### [Work task]
An unchanged copy of all the lines below is expected, and it should contain no pictures.

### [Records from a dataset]
++++++++
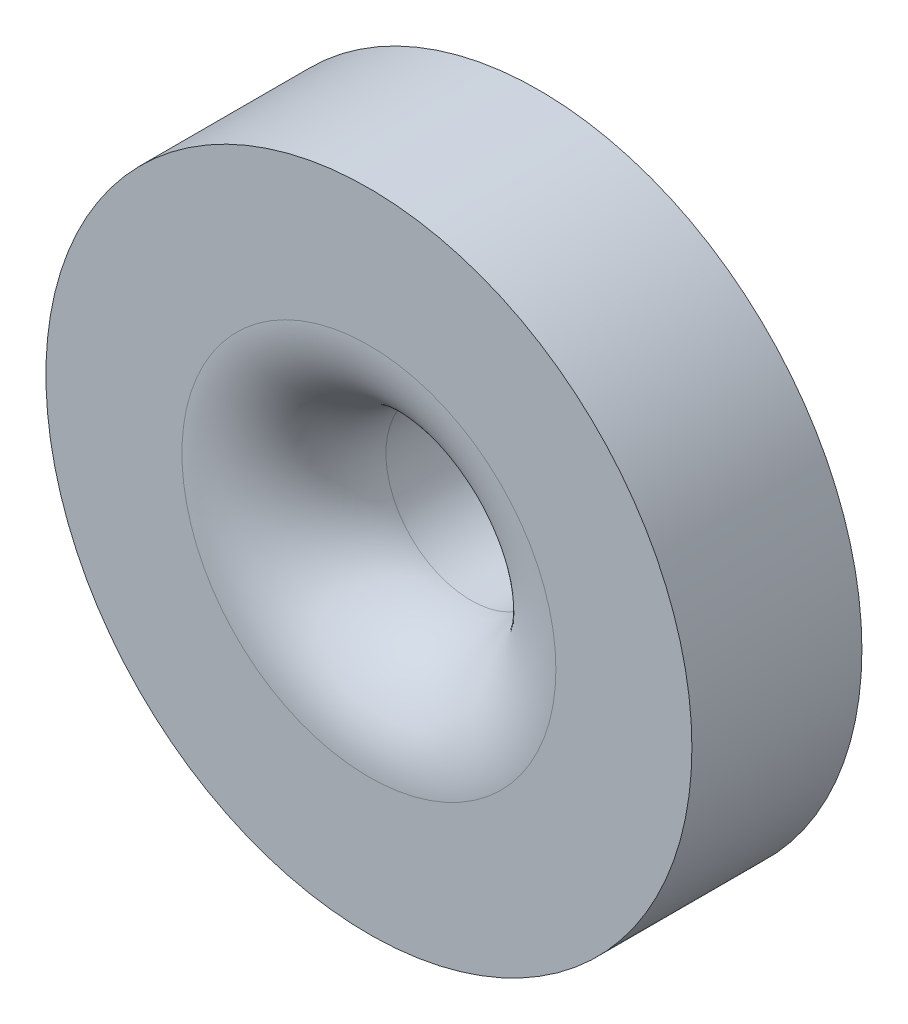
SolidWorks part; units mm, degrees
ref_plane "Front" through (0, 0, 0) normal (0, 0, 1) x (1, 0, 0)
ref_plane "Top" through (0, 0, 0) normal (0, 1, 0) x (1, 0, 0)
ref_plane "Right" through (0, 0, 0) normal (1, 0, 0) x (0, 0, -1)
sketch "Sketch1" plane through (0, 0, 0) normal (0, 0, 1) x (1, 0, 0)
  circle A0 centre (0, 0) radius 9.5
  dimension "D1" = 19
extrude "Boss-Extrude1" add sketch "Sketch1" along normal blind 5
sketch "Sketch2" plane through (0, 0, 5) normal (0, 0, 1) x (1, 0, 0)
  circle A0 centre (0, 0) radius 2.5
  dimension "D1" = 5
extrude "Cut-Extrude1" cut sketch "Sketch2" against normal up to surface (5 mm away) up to face at (9.5, 0, 0)
fillet "Fillet1" radius 3 1 edges at (2.5, 0, 5)
++++++++
### [Answer section]
SolidWorks part; units mm, degrees
ref_plane "Front" through (0, 0, 0) normal (0, 0, 1) x (1, 0, 0)
ref_plane "Top" through (0, 0, 0) normal (0, 1, 0) x (1, 0, 0)
ref_plane "Right" through (0, 0, 0) normal (1, 0, 0) x (0, 0, -1)
sketch "Sketch1" plane through (0, 0, 0) normal (0, 0, 1) x (1, 0, 0)
  circle A0 centre (0, 0) radius 9.5
  dimension "D1" = 19
extrude "Boss-Extrude1" add sketch "Sketch1" along normal blind 5
sketch "Sketch2" plane through (0, 0, 5) normal (0, 0, 1) x (1, 0, 0)
  circle A0 centre (0, 0) radius 2.5
  dimension "D1" = 5
extrude "Cut-Extrude1" cut sketch "Sketch2" against normal up to surface (5 mm away) up to face at (9.5, 0, 0)
fillet "Fillet1" radius 3 1 edges at (2.5, 0, 5)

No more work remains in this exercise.